I'd start with draining as much of the old fuel out, and then fill your gas can with one gallon of gas. Treat that one gallon with your preferred carb cleaning fuel treatment that you would use for your car. Follow the directions. 

If you feel adventuresome, dropped the fuel bowl retaining bolt, to remove as much of the old fuel that you can. Yours may have a dedicated fuel bowl drain bolt, it should be off to the side of the bowl. 

I would also ensure that you have a spark. Steps: pull the wire, remove the plug, reinstall plug into wire, lay it on the engine away from any fuel, pull rope, you should a healthy blue spark. If you do not see a spark, replace the plug. 

If these steps don't get you running, then it will involve a little more thorough cleaning. 

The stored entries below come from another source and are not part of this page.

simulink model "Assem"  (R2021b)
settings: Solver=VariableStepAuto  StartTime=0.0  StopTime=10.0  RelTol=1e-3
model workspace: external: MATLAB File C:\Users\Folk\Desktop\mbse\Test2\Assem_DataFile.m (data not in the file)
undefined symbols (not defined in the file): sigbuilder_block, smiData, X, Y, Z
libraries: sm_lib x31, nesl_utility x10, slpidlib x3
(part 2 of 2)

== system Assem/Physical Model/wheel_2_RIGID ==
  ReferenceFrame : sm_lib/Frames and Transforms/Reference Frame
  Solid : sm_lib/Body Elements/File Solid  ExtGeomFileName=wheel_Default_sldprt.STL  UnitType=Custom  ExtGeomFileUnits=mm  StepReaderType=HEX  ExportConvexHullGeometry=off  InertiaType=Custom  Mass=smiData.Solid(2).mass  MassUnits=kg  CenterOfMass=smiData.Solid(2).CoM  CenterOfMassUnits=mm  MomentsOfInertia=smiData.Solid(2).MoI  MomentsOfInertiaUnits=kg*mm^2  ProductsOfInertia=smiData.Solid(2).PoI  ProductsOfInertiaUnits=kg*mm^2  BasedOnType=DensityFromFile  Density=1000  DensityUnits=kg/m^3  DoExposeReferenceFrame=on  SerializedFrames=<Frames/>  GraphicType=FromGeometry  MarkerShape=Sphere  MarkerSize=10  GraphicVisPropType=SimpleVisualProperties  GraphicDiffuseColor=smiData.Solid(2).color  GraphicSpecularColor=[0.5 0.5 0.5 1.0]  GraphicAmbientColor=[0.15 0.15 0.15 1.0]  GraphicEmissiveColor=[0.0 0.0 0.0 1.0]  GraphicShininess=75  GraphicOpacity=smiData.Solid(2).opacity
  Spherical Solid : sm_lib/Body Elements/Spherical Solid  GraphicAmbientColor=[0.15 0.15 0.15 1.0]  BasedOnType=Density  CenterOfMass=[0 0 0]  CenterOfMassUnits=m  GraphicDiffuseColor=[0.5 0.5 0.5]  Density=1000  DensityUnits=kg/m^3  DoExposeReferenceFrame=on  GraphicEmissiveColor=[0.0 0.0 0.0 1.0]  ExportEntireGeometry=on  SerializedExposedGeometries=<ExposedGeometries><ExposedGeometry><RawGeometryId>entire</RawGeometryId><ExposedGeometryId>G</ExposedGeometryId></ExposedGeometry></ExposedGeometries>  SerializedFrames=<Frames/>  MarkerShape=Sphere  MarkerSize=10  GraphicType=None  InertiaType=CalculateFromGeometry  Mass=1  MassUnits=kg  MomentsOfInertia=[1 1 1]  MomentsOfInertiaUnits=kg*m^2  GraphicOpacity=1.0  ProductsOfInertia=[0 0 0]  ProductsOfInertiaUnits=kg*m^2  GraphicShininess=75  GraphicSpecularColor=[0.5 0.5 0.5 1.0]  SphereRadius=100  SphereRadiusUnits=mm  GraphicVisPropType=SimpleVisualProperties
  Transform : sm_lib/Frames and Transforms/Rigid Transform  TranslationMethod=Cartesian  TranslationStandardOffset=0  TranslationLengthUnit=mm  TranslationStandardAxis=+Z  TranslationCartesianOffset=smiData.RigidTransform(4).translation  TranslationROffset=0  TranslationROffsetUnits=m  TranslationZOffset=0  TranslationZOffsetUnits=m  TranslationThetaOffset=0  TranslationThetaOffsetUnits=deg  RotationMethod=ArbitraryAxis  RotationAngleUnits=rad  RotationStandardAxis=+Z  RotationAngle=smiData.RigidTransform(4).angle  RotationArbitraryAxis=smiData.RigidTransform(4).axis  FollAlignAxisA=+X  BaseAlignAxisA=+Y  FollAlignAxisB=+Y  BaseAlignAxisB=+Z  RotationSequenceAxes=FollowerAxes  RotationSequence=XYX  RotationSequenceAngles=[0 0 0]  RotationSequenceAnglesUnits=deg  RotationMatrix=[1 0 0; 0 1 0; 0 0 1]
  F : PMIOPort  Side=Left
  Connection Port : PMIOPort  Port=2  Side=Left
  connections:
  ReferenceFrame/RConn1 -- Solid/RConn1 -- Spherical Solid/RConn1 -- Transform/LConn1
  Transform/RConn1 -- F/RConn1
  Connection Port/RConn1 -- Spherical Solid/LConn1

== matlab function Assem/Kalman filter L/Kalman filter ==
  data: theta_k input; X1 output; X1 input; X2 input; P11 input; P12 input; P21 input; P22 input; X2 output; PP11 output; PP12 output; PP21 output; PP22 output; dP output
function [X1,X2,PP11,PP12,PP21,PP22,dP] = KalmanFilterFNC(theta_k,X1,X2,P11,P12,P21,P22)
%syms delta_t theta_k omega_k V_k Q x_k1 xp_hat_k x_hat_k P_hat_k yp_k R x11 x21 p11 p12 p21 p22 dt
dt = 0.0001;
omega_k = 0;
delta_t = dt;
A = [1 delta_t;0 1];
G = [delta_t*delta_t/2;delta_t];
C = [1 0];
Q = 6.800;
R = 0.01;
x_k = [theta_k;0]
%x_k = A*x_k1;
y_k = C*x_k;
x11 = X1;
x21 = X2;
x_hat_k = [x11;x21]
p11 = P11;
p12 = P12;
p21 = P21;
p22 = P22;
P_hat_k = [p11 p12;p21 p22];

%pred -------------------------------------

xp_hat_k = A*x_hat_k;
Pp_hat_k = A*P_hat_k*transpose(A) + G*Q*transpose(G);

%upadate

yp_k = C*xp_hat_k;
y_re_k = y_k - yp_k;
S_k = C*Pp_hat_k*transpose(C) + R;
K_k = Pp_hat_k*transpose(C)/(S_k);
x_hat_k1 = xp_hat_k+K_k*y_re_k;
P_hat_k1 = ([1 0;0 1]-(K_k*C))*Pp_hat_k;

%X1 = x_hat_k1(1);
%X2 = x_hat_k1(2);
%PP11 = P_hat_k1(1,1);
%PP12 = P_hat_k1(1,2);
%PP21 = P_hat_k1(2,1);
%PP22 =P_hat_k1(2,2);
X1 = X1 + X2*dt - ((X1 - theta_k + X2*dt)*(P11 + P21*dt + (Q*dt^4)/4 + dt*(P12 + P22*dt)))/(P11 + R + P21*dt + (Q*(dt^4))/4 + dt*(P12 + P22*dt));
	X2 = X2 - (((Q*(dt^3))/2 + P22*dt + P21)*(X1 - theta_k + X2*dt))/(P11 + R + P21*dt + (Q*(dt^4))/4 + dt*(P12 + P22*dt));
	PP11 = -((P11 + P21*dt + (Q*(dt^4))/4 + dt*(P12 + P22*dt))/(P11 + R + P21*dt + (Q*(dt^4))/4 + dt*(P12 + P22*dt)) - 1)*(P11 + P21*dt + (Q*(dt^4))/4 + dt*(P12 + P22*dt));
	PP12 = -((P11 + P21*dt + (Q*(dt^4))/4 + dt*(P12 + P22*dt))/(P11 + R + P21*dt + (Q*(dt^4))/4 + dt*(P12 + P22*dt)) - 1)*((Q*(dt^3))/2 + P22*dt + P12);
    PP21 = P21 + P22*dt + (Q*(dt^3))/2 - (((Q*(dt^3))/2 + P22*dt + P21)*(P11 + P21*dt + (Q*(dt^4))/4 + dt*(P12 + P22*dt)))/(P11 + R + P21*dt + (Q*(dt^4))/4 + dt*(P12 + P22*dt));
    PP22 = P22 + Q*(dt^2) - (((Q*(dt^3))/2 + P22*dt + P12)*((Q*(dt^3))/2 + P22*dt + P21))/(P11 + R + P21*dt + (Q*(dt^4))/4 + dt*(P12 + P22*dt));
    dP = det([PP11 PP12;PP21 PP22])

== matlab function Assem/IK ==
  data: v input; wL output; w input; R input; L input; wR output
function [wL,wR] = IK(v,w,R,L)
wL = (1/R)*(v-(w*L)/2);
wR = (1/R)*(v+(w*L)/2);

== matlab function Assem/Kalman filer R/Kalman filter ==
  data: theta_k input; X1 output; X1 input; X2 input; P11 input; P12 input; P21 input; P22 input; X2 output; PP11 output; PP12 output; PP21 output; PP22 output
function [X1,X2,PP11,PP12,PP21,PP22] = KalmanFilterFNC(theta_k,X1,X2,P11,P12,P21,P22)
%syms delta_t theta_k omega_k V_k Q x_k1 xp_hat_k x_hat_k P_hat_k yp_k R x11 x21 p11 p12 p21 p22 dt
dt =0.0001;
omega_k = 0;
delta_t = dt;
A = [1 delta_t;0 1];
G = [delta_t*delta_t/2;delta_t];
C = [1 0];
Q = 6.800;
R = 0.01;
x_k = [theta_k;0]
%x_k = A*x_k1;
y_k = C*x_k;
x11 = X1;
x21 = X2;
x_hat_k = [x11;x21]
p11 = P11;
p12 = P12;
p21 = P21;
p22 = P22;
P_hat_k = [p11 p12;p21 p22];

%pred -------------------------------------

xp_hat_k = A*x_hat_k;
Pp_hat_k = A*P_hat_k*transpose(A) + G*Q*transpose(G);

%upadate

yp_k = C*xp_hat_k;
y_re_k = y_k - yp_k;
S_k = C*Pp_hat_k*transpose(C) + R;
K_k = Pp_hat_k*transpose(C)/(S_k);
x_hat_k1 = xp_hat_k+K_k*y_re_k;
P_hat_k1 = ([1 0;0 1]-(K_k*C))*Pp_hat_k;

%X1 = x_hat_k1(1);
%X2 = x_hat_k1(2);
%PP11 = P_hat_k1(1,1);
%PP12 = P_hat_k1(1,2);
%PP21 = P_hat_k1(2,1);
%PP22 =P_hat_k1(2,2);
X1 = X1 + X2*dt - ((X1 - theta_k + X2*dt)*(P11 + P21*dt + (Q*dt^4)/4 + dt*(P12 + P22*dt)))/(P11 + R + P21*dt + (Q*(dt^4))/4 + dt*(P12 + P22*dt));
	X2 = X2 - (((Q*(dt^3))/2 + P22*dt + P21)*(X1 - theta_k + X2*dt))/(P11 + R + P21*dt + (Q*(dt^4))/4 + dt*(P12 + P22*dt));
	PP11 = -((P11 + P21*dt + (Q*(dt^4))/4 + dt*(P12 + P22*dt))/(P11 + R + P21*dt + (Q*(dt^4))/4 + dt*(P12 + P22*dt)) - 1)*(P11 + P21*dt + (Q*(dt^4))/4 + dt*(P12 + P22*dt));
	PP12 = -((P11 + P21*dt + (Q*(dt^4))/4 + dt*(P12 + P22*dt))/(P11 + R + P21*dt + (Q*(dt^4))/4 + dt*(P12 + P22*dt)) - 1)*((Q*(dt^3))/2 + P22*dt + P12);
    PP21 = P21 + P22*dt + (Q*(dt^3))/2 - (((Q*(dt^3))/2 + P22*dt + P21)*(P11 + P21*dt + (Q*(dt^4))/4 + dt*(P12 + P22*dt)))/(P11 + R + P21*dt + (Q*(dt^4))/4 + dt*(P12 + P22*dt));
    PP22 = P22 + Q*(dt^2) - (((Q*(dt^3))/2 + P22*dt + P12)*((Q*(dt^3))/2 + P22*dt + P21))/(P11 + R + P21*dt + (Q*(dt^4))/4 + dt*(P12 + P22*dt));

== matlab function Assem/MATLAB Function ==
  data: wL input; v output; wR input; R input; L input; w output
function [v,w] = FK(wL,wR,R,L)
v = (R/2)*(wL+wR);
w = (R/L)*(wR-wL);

We are here for you, but you will need to post up the model number that is located on the back of the unit, as a sticker. And the ability to take and post pics doesn't hurt either. 

Welcome aboard.


----------



## Taylor (Jan 31, 2016)

Maybe get several books from library about small engine repair. Youtube also has some info. Doesn't matter if it's Craftsman, Toro, Honda, Ariens, Nothing is maintenance free.


----------



## Kiss4aFrog (Nov 3, 2013)

:welcome:  to the forum Snowcrawler & Taylor


What snowblower is it, model number ?? What engine ??

Most people rarely change spark plugs and their machines start just fine. 
My guess would be bad gas. I'd drain or siphon all the gas out of the tank and try to drain the carb. Carefully remove the bowl and dump that gas, wipe it clean, reinstall and then fill up with gas fresh from the pump.

If you have anything over a couple months old just put it in your car and get fresh for the blower.

This in a bit more involved than you need but it's good info and shows how to remove the bowl.


----------



## RedOctobyr (Mar 2, 2014)

I'd also guess that the gas has gone bad. 

Fuel stabilizer doesn't completely excuse you from taking care of the fuel system. But adding stabilizer to the gas can every time you buy gas is cheap insurance, and can help save a lot of grief. Gas with ethanol (which is most gas in the US) goes bad quickly if not stabilized. This can then gunk up the carb, and then the engine won't start. 

I use Marine Sta-Bil (the blue stuff), I've had good results with it. I would suggest using stabilizer all the time once you get the engine running again. 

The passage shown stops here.